Der grösste Teil des Anstiegs der Ertragsbilanz auf 80 Milliarden Franken entfiel auf die Kapitaleinkommen, deren Einnahmenüberschuss um 29 Milliarden auf 48 Milliarden Franken zunahm, wie die Schweizerische Nationalbank (SNB) mitteilte. Ausschlaggebend dafür waren die höheren Einnahmen aus schweizerischen Direktinvestitionen im Ausland. Der Einnahmenüberschuss im Aussenhandel mit Waren nahm um 2 Milliarden auf 16 Milliarden Franken zu, da die Einnahmen aus Exporten stärker stiegen als die Ausgaben für Importe. Im Aussenhandel mit Diensten sank der Einnahmenüberschuss hingegen um 3 Milliarden auf 43 Milliarden Franken.

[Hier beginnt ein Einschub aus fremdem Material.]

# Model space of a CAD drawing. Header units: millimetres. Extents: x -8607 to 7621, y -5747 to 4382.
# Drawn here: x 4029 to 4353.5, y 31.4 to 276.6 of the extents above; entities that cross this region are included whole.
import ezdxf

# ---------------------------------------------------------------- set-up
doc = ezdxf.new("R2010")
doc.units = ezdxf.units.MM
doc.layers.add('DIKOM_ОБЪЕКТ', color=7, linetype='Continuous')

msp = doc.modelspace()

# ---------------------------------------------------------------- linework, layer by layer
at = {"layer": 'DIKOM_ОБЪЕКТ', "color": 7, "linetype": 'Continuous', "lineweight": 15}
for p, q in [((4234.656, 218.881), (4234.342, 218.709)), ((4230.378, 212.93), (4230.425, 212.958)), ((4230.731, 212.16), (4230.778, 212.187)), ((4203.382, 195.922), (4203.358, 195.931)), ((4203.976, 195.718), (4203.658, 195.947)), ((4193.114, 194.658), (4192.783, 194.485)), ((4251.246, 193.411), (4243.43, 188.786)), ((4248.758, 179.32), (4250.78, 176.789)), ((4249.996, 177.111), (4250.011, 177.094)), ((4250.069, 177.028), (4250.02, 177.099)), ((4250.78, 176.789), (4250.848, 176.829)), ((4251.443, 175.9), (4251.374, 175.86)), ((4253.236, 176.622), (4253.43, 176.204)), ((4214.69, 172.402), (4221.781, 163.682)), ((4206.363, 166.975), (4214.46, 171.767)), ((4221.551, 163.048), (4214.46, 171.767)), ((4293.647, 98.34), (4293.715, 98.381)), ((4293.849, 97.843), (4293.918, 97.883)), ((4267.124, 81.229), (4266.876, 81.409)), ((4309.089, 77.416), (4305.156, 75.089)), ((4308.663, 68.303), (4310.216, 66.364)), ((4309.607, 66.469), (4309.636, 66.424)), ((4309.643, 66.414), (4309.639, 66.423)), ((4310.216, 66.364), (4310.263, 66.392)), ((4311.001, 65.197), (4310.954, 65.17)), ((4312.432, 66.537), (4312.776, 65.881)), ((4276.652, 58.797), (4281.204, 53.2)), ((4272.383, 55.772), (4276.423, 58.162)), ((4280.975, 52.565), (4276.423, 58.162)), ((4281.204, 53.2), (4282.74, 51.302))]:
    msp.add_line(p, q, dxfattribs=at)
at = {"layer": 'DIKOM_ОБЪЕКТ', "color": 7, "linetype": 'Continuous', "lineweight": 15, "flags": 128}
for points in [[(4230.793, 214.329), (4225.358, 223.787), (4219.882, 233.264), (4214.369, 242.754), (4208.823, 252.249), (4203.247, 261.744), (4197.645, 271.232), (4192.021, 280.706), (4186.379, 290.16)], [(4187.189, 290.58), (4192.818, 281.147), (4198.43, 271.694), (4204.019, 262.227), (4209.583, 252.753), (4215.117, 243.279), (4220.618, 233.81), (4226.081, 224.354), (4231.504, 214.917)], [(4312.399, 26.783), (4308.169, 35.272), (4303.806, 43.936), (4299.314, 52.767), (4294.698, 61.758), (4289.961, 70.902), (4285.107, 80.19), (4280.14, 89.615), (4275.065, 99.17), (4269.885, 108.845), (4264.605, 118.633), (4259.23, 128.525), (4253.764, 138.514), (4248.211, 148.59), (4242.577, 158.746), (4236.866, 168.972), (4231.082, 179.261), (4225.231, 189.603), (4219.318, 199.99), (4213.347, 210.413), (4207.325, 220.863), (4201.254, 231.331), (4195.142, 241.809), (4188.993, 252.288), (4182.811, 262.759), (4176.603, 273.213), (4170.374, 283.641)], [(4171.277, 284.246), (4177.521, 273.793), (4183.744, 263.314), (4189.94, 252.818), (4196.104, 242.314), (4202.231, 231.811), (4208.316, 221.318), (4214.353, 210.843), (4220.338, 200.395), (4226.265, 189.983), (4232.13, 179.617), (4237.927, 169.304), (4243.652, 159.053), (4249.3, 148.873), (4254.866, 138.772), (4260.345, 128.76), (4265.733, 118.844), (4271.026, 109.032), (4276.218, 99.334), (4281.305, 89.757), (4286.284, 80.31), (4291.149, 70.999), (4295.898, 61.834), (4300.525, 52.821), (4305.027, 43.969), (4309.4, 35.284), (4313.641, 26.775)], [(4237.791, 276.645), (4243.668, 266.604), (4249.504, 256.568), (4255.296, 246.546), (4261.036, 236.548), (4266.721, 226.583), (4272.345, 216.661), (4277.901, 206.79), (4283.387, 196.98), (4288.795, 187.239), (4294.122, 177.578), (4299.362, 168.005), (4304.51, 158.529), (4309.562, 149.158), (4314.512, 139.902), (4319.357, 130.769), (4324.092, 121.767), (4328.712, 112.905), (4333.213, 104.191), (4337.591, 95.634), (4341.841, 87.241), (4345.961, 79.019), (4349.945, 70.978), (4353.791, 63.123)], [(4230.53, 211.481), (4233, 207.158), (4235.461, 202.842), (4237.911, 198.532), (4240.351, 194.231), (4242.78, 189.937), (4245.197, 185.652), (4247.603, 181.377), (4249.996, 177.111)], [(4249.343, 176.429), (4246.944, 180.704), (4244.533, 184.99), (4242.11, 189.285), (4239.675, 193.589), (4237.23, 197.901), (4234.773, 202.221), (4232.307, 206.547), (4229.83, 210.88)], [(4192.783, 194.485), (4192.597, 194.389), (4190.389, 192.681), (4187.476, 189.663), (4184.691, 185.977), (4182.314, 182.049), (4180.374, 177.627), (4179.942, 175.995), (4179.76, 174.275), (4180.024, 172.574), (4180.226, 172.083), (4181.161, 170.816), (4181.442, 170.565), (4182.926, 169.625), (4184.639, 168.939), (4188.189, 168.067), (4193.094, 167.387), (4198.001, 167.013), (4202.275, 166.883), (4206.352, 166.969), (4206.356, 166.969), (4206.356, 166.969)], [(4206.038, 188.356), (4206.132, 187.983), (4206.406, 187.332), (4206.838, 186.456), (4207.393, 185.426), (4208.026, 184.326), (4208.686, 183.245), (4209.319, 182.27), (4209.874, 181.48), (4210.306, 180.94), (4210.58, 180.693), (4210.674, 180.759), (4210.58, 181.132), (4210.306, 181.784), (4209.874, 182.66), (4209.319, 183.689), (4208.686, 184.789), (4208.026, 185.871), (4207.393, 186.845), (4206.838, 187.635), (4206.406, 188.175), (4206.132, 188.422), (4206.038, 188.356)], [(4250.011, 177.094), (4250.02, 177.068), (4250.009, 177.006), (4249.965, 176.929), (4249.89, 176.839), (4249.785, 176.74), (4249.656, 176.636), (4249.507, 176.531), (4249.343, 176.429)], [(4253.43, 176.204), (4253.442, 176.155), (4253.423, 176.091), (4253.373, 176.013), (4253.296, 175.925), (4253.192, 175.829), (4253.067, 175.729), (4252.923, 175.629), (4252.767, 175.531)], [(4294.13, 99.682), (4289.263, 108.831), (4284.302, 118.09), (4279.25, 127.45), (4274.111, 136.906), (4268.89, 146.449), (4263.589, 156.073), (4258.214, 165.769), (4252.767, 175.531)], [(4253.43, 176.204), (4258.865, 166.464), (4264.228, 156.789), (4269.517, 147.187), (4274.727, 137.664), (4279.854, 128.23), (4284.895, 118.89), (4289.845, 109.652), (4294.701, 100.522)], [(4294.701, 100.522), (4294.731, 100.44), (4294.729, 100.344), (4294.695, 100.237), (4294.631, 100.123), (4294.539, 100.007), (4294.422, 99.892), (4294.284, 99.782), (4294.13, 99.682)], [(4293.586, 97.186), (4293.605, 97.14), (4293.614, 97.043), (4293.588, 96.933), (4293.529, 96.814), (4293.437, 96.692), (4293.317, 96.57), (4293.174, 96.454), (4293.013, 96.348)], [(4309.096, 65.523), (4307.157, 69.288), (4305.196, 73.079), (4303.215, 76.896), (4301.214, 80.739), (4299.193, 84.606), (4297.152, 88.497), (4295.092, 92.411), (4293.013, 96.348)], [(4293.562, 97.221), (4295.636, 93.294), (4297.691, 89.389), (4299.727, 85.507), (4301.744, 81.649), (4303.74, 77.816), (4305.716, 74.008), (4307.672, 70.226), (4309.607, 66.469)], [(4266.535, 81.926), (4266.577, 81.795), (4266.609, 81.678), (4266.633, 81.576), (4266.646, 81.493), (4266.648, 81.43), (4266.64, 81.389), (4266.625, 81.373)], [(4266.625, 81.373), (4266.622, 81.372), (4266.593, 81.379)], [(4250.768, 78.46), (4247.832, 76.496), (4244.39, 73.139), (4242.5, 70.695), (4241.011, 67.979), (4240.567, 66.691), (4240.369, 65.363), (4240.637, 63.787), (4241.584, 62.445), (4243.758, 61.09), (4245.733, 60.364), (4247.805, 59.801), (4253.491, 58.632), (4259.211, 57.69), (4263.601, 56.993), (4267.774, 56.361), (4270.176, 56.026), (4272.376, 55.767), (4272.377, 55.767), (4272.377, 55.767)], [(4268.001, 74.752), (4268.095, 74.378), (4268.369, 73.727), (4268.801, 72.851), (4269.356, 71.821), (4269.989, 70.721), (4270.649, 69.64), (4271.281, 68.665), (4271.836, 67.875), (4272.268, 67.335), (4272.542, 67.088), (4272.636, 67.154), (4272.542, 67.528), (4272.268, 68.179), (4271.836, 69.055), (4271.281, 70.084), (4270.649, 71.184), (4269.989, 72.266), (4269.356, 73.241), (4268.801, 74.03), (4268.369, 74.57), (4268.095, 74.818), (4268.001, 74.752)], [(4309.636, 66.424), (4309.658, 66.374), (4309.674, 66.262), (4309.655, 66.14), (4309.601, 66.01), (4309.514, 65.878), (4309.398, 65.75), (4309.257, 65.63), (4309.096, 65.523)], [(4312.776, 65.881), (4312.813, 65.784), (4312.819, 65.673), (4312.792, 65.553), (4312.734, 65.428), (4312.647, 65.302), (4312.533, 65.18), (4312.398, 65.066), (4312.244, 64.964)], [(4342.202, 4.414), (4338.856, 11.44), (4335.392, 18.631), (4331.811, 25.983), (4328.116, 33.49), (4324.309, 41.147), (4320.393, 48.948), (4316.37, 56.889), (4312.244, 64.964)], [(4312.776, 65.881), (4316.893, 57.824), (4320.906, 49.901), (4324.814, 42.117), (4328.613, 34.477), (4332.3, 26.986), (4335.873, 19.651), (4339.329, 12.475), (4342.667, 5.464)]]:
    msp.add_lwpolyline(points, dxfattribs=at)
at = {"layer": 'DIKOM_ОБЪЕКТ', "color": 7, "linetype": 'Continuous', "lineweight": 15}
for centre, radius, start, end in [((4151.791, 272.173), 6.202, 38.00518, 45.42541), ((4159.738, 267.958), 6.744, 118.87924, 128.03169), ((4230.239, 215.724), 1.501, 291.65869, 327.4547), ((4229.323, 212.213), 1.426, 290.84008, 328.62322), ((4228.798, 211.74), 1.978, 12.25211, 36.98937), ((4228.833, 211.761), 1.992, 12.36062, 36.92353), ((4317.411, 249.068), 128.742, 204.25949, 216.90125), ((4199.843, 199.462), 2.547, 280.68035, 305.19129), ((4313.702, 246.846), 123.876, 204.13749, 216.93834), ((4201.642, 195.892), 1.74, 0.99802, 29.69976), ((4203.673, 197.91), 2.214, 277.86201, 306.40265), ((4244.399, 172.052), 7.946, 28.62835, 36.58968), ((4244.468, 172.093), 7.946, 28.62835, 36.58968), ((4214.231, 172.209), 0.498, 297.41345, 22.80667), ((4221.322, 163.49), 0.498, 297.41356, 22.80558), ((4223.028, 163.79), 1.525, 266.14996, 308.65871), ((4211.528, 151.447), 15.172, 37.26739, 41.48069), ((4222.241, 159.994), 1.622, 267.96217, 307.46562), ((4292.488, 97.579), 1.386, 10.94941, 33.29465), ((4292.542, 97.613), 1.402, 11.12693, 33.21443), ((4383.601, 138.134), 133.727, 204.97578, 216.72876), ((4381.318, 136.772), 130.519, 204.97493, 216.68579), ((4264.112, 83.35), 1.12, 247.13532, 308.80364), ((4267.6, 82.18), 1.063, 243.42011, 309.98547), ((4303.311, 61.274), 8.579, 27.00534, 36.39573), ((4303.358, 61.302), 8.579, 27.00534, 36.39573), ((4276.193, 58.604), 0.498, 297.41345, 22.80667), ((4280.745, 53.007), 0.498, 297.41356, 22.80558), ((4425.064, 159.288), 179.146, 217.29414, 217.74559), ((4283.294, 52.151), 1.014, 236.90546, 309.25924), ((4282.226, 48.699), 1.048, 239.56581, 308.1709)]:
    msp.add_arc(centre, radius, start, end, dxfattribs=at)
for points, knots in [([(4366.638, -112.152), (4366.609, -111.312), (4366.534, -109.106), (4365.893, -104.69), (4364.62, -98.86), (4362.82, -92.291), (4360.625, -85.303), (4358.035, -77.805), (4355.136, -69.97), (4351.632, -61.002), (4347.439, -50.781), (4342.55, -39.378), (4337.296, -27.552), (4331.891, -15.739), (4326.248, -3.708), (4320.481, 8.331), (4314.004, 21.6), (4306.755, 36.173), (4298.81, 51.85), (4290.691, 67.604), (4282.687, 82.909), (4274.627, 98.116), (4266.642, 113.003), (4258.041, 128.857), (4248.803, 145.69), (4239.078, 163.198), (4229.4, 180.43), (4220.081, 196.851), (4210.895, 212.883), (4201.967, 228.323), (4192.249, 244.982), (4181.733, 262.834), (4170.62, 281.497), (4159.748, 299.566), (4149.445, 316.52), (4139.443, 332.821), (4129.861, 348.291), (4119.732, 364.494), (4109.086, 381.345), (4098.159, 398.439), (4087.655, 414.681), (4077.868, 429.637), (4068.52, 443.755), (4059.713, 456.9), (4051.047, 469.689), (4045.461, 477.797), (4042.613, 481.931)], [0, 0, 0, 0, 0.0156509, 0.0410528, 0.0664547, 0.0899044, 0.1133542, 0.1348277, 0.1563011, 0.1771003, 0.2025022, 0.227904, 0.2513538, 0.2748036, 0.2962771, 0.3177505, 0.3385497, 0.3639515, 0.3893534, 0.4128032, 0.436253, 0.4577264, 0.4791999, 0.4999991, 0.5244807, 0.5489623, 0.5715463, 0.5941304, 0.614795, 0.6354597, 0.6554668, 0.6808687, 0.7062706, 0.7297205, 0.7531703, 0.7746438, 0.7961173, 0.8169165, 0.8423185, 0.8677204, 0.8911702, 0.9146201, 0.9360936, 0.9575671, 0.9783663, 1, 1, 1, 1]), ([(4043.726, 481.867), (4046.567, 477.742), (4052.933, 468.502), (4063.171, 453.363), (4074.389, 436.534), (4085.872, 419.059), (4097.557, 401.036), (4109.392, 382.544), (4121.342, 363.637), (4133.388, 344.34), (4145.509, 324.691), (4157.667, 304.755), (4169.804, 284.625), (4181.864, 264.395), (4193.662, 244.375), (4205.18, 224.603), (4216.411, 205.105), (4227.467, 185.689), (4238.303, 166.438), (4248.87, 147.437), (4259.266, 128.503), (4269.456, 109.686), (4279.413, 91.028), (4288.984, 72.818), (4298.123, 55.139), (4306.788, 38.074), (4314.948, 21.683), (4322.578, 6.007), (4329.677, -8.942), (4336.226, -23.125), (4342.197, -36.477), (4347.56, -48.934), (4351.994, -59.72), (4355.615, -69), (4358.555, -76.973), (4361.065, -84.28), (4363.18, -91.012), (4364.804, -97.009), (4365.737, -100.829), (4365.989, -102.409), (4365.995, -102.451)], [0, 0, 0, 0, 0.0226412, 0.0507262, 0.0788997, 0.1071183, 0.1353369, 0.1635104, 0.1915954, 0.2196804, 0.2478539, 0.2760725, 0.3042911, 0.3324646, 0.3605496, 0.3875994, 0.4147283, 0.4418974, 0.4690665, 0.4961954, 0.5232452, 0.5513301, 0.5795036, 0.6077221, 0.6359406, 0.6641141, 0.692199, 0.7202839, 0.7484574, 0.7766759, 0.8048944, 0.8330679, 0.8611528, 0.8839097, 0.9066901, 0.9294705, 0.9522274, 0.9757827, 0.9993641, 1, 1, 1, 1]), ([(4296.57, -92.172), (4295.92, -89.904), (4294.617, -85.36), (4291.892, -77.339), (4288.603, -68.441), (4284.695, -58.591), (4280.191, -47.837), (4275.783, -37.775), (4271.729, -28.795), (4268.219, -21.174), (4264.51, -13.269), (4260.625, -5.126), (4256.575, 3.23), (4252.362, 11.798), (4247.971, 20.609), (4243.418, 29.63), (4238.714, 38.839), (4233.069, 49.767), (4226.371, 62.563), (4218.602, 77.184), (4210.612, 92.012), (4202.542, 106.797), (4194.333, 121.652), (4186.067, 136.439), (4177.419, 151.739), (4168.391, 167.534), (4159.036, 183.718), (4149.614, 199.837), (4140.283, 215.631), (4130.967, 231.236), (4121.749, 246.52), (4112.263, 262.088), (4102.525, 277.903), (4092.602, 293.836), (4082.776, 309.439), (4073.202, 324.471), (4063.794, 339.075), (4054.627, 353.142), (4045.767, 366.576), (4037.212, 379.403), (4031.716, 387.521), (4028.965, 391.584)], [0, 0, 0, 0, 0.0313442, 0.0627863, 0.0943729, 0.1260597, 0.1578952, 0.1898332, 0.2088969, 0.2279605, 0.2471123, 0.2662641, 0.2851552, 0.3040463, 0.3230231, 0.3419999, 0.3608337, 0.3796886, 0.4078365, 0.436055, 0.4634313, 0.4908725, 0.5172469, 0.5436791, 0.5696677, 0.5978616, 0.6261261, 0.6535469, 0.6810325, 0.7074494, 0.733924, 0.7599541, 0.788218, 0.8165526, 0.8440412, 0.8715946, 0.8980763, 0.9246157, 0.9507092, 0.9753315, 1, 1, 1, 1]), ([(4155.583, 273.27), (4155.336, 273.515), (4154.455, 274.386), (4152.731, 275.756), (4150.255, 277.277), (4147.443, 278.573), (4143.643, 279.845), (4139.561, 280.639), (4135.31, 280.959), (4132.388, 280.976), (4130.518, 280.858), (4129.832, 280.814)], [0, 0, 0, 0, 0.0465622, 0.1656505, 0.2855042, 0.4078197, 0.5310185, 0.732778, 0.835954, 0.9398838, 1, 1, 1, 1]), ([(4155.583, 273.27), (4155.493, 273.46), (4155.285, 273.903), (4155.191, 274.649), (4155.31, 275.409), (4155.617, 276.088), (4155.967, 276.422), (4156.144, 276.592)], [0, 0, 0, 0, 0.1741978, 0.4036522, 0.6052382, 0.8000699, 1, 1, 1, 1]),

Die Devisenkäufe der SNB prägten den Kapitalverkehr, dadurch stiegen die Kapitalexporte von 43 Milliarden Franken im Vorjahr auf 175 Milliarden Franken. Bei den Direktinvestitionen resultierten Nettokapitalexporte von 38 Milliarden Franken (2011: 32 Milliarden Franken), hauptsächlich weil die Unternehmen in der Schweiz ihre Beteiligungen im Ausland ausbauten. Den Kapitalexporten der Nationalbank und bei den Direktinvestitionen standen per Saldo Kapitalimporte im Kredit- und Einlagengeschäft der Banken von 58 Milliarden Franken gegenüber. 2011 waren es 49 Milliarden Franken gewesen.